Hace un par de semanas quise comentar con una amiga mis impresiones sobre Dream Count (Unos cuantos sueños, Penguin Random House, 2025), la última novela de Chimamanda Ngochie Adichie, una autora nigeriana afincada en Estados Unidos que en los últimos años se ha consolidado como un icono del feminismo y la literatura postcolonial.
En sus obras, Adichie toca temas como los prejuicios, el racismo, la violencia de género y la discriminación, además de reivindicar sus raíces africanas y la libertad de la mujer en su sentido más amplio.
Sin embargo, mi amiga, que es una gran lectora y se ha leído la mayoría de sus libros, me dijo que no pensaba leerse este último porque la autora la había decepcionado. “¿Cómo puede ser que una feminista como Adichie haya recurrido al vientre de alquiler para tener hijos?” Me explicó entonces que hace un par de años, Adichie había decidido ser madre por segunda vez, con 45 años, y había tenido gemelos gracias a la maternidad subrogada. Su decisión causó gran estrago entre sus seguidoras feministas, entre ellas, mi amiga, que ha decidido “cancelarla” temporalmente como escritora por una decisión que ella considera un “abuso de poder económico y social” por parte de una mujer acomodada hacia otra más vulnerable.
“Mucha gente dice que está mal alquilar el cuerpo de una mujer. Argumentan que es deshumanizante. Es cierto que puede serlo, pero creo que lo que importa es cómo se hace, y creo que se puede hacer de forma ética”, dijo Adichie en su defensa en el diario nigeriano Times. Además, es la misma gente que dice que las mujeres pueden hacer lo que quieran con su cuerpo, y ahí hay una contradicción”, añadió.

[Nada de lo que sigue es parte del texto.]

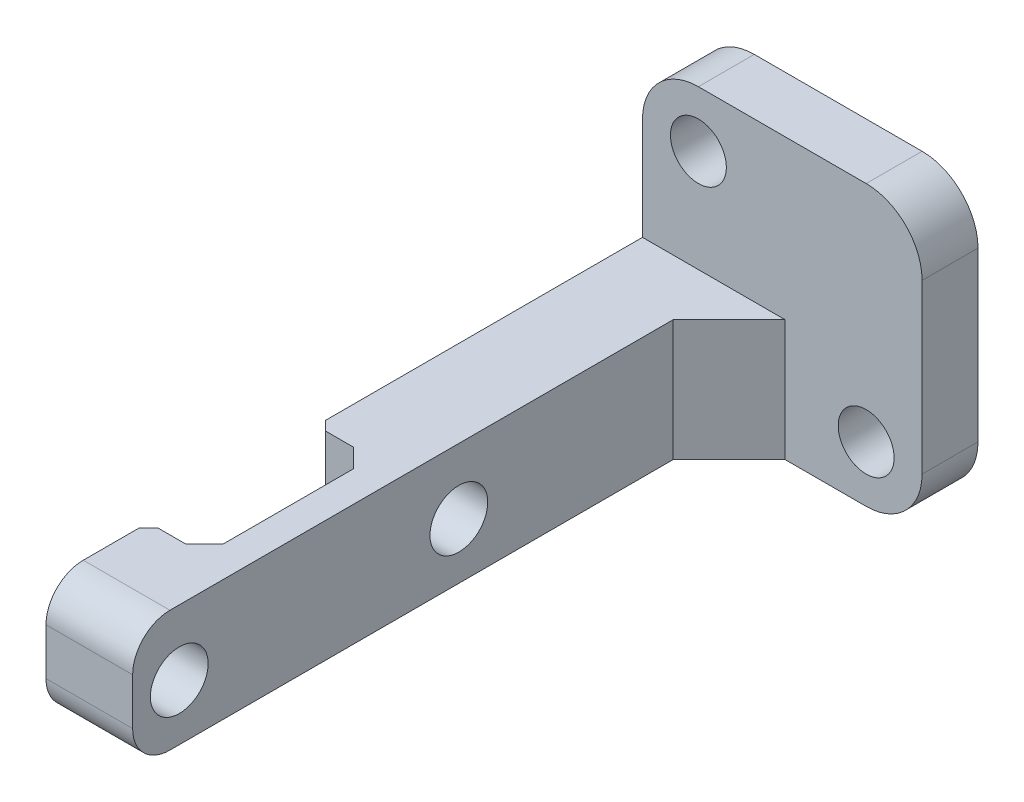
from build123d import *

# Parameters (mm, degrees)
SKETCH1_W           = 28
SKETCH1_H           = 5
BOSS_EXTRUDE1_DEPTH = 20
CHAMFER1_SIZE       = 15
BOSS_EXTRUDE2_DEPTH = 28
SKETCH3_W           = 3
SKETCH3_H           = 9
CUT_EXTRUDE1_DEPTH  = 12.8
CHAMFER2_SIZE       = 1
FILLET1_R           = 2
CHAMFER3_SIZE       = 0.5
CUT_EXTRUDE2_DEPTH  = 12.8
CHAMFER4_SIZE       = 3
CHAMFER5_SIZE       = 3
SKETCH8_W           = 3.20799886
SKETCH8_H           = 3.210000155
SKETCH8_W_2         = 3.209995615
SKETCH8_H_2         = 3.268000248
CUT_EXTRUDE3_DEPTH  = 5.4
SKETCH9_W           = 136.063633216
SKETCH9_H           = 34.178471192
CUT_EXTRUDE4_DEPTH  = 8
SKETCH10_W          = 4.648757297
SKETCH10_H          = 6.5
BOSS_EXTRUDE3_DEPTH = 10
SKETCH12_W          = 15
SKETCH12_H          = 15
BOSS_EXTRUDE4_DEPTH = 3
SKETCH13_R          = 1.5
CUT_EXTRUDE5_DEPTH  = 5
FILLET2_R           = 3
CHAMFER6_SIZE       = 3


with BuildPart() as part:
    # Sketch1 → Boss-Extrude1 (new body)
    with BuildSketch(Plane(origin=(0, 0, 0), x_dir=(1, 0, 0), z_dir=(0, 1, 0))):
        with Locations((14, 2.5)):
            Rectangle(SKETCH1_W, SKETCH1_H)
    extrude(amount=BOSS_EXTRUDE1_DEPTH)

    # Chamfer1
    chamfer1_edges = [part.edges().sort_by_distance(p)[0] for p in [
        (28, 0, -2.5),
    ]]
    chamfer(chamfer1_edges, length=CHAMFER1_SIZE)

    # Sketch2 → Boss-Extrude2 (add)
    with BuildSketch(Plane.XY):
        Polygon((9.648757297, 6.5), (5, 6.5), (5, 2), (5, 0), (9.648757297, 0), align=None)
    extrude(amount=BOSS_EXTRUDE2_DEPTH)

    # Sketch3 → Cut-Extrude1 (cut)
    with BuildSketch(Plane.XZ):
        with Locations((6.5, 18)):
            Rectangle(SKETCH3_W, SKETCH3_H)
    extrude(amount=-CUT_EXTRUDE1_DEPTH, mode=Mode.SUBTRACT)

    # Chamfer2
    chamfer2_edges = [part.edges().sort_by_distance(p)[0] for p in [
        (8, 3.25, 22.5),
        (8, 3.25, 13.5),
    ]]
    chamfer(chamfer2_edges, length=CHAMFER2_SIZE)

    # Fillet1
    fillet1_edges = [part.edges().sort_by_distance(p)[0] for p in [
        (7.324378649, 6.5, 28),
        (7.324378649, 0, 28),
    ]]
    fillet(fillet1_edges, radius=FILLET1_R)

    # Chamfer3
    chamfer3_edges = [part.edges().sort_by_distance(p)[0] for p in [
        (5, 3.25, 13.5),
        (5, 3.25, 22.5),
    ]]
    chamfer(chamfer3_edges, length=CHAMFER3_SIZE)

    # Sketch4 → Cut-Extrude2 (cut)
    with BuildSketch(Plane.ZY.offset(-5)):
        with BuildLine():
            ThreePointArc((25.5, 1.45), (27.05, 3), (25.5, 4.55))
            ThreePointArc((25.5, 4.55), (23.95, 3), (25.5, 1.45))
        make_face()
        with BuildLine():
            ThreePointArc((10.5, 4.55), (8.95, 3), (10.5, 1.45))
            ThreePointArc((10.5, 1.45), (12.05, 3), (10.5, 4.55))
        make_face()
    extrude(amount=-CUT_EXTRUDE2_DEPTH, mode=Mode.SUBTRACT)

    # Chamfer4
    chamfer4_edges = [part.edges().sort_by_distance(p)[0] for p in [
        (5, 3.25, 0),
        (9.648757297, 3.25, 0),
    ]]
    chamfer(chamfer4_edges, length=CHAMFER4_SIZE)

    # Chamfer5
    chamfer5_edges = [part.edges().sort_by_distance(p)[0] for p in [
        (7.324378649, 6.5, 0),
    ]]
    chamfer(chamfer5_edges, length=CHAMFER5_SIZE)

    # Sketch8 → Cut-Extrude3 (cut)
    # profile 1 of 4: a face of its own
    with BuildSketch(Plane(origin=(0, 20, 0), x_dir=(1, 0, 0), z_dir=(0, 1, 0))):
        with Locations((5.668003112, 2.226999903)):
            Rectangle(SKETCH8_W, SKETCH8_H)
        Polygon((7.122002542, 3.68199998), (6.328001618, 3.68199998), (4.214003682, 3.68199998), (4.214003682, 2.801999915), (4.214003682, 2.091999864), (4.214003682, 0.771999825), (4.858002067, 0.771999825), (6.60200417, 0.771999825), (7.122002542, 0.771999825), (7.122002542, 3.48399987), align=None, mode=Mode.SUBTRACT)
    # profile 2 of 4: a face of its own
    with BuildSketch(Plane(origin=(0, 20, 0), x_dir=(1, 0, 0), z_dir=(0, 1, 0))):
        Polygon((7.122002542, 3.68199998), (7.122002542, 3.48399987), (7.122002542, 0.771999825), (6.60200417, 0.771999825), (4.858002067, 0.771999825), (4.214003682, 0.771999825), (4.214003682, 2.091999864), (4.214003682, 2.801999915), (4.214003682, 3.68199998), (6.328001618, 3.68199998), align=None)
    # profile 3 of 4: a face of its own
    with BuildSketch(Plane(origin=(0, 20, 0), x_dir=(1, 0, 0), z_dir=(0, 1, 0))):
        with Locations((23.709002883, 2.229999751)):
            Rectangle(SKETCH8_W_2, SKETCH8_H_2)
        Polygon((22.254005075, 1.15799997), (22.254005075, 1.283999765), (22.254005075, 3.713999875), (25.16400069, 3.713999875), (25.16400069, 0.749999657), (25.16400069, 0.745999627), (24.429999292, 0.745999627), (22.254005075, 0.745999627), align=None, mode=Mode.SUBTRACT)
    # profile 4 of 4: a face of its own
    with BuildSketch(Plane(origin=(0, 20, 0), x_dir=(1, 0, 0), z_dir=(0, 1, 0))):
        Polygon((22.254005075, 3.713999875), (22.254005075, 1.283999765), (22.254005075, 1.15799997), (22.254005075, 0.745999627), (24.429999292, 0.745999627), (25.16400069, 0.745999627), (25.16400069, 0.749999657), (25.16400069, 3.713999875), align=None)
    extrude(amount=-CUT_EXTRUDE3_DEPTH, mode=Mode.SUBTRACT)

    # Sketch9 → Cut-Extrude4 (cut)
    with BuildSketch(Plane(origin=(0, 0, -5), x_dir=(-1, 0, 0), z_dir=(0, 0, -1))):
        with Locations((-4.69867378, 12.292617934)):
            Rectangle(SKETCH9_W, SKETCH9_H)
    extrude(amount=-CUT_EXTRUDE4_DEPTH, mode=Mode.SUBTRACT)

    # Sketch10 → Boss-Extrude3 (add)
    with BuildSketch(Plane(origin=(0, 0, 3), x_dir=(-1, 0, 0), z_dir=(0, 0, -1))):
        with Locations((-7.324378649, 3.25)):
            Rectangle(SKETCH10_W, SKETCH10_H)
    extrude(amount=BOSS_EXTRUDE3_DEPTH)

    # Sketch12 → Boss-Extrude4 (add)
    with BuildSketch(Plane(origin=(0, 0, -7), x_dir=(-1, 0, 0), z_dir=(0, 0, -1))):
        with Locations((-12.5, 7.5)):
            Rectangle(SKETCH12_W, SKETCH12_H)
    extrude(amount=-BOSS_EXTRUDE4_DEPTH)

    # Sketch13 → Cut-Extrude5 (cut)
    with BuildSketch(Plane.XY.offset(-4)):
        with Locations((17, 3)):
            Circle(SKETCH13_R)
        with Locations((8, 12)):
            Circle(SKETCH13_R)
    extrude(amount=-CUT_EXTRUDE5_DEPTH, mode=Mode.SUBTRACT)

    # Fillet2
    fillet2_edges = [part.edges().sort_by_distance(p)[0] for p in [
        (5, 15, -5.5),
        (20, 0, -5.5),
        (20, 15, -5.5),
    ]]
    fillet(fillet2_edges, radius=FILLET2_R)

    # Chamfer6
    chamfer6_edges = [part.edges().sort_by_distance(p)[0] for p in [
        (9.648757297, 3.25, -4),
    ]]
    chamfer(chamfer6_edges, length=CHAMFER6_SIZE)


solid = part.part

Adichie, igual que las mujeres de sus novelas, no pretende ser una heroína, una feminista modélica, sino una persona con todas sus debilidades e incoherencias, que comete errores y aprende de ellos, y que, sobre todo, no juzga. “Confío en que, si algo bueno sale de todo esto, haya más mujeres que se sientan menos avergonzadas de hablar sobre cómo han llegado a la maternidad por vías no tradicionales. Creo que hay mujeres que tienen bebés mediante gestación subrogada, o que adoptan bebés, que se esconden durante nueve meses porque nuestra sociedad es muy crítica, y no creo que eso sea bueno para nadie. Pero, ya sabes, mi hija y mis bebés son el mayor regalo que me han dado, así que no me arrepiento de nada”, dijo la autora nigeriana, que, lamentablemente, perdió a uno de sus gemelos el verano pasado, debido a una negligencia médica en un hospital de Lagos.
Como feminista que soy, creo que cada mujer puede hacer lo que le dé la gana para satisfacer su deseo de ser madre, siempre que no haya coerción o abuso de por medio. “¿Es un capricho de la clase acomodada tener un hijo mediante vientre de alquiler?” Sí. ¿Pero no lo es también tener dos casas, pasar las vacaciones en un país en vías de desarrollo, tener una asistenta del hogar filipina?
En un mundo dominado por la inmediatez, la sobreabundancia de información y las falsas verdades, Adichie defiende la literatura de ficción como la única forma de narración honesta que nos queda.
“Hoy en día, existe una desconfianza cada vez mayor hacia el periodismo”, dice Adichie en una entrevista reciente para el Courier de la UNESCO. “Muchos aspectos del periodismo, como su objetividad y la veracidad de sus hechos, se han vuelto cuestionables. En este contexto, es más probable que la gente confíe en la ficción, porque no parte de un contexto político ni pretende ser exclusivamente factual”, añade. Según Adichie, la ficción tiene un poder único para transportarnos a las vidas y motivaciones de otras personas, además de tener capacidad para conmovernos. “Mientras que el periodismo nos cuenta lo que pasó, la ficción nos cuenta cómo se sintió. Y, como seres humanos, nos conmueve más cuando nuestras emociones se involucran en una historia”, concluye.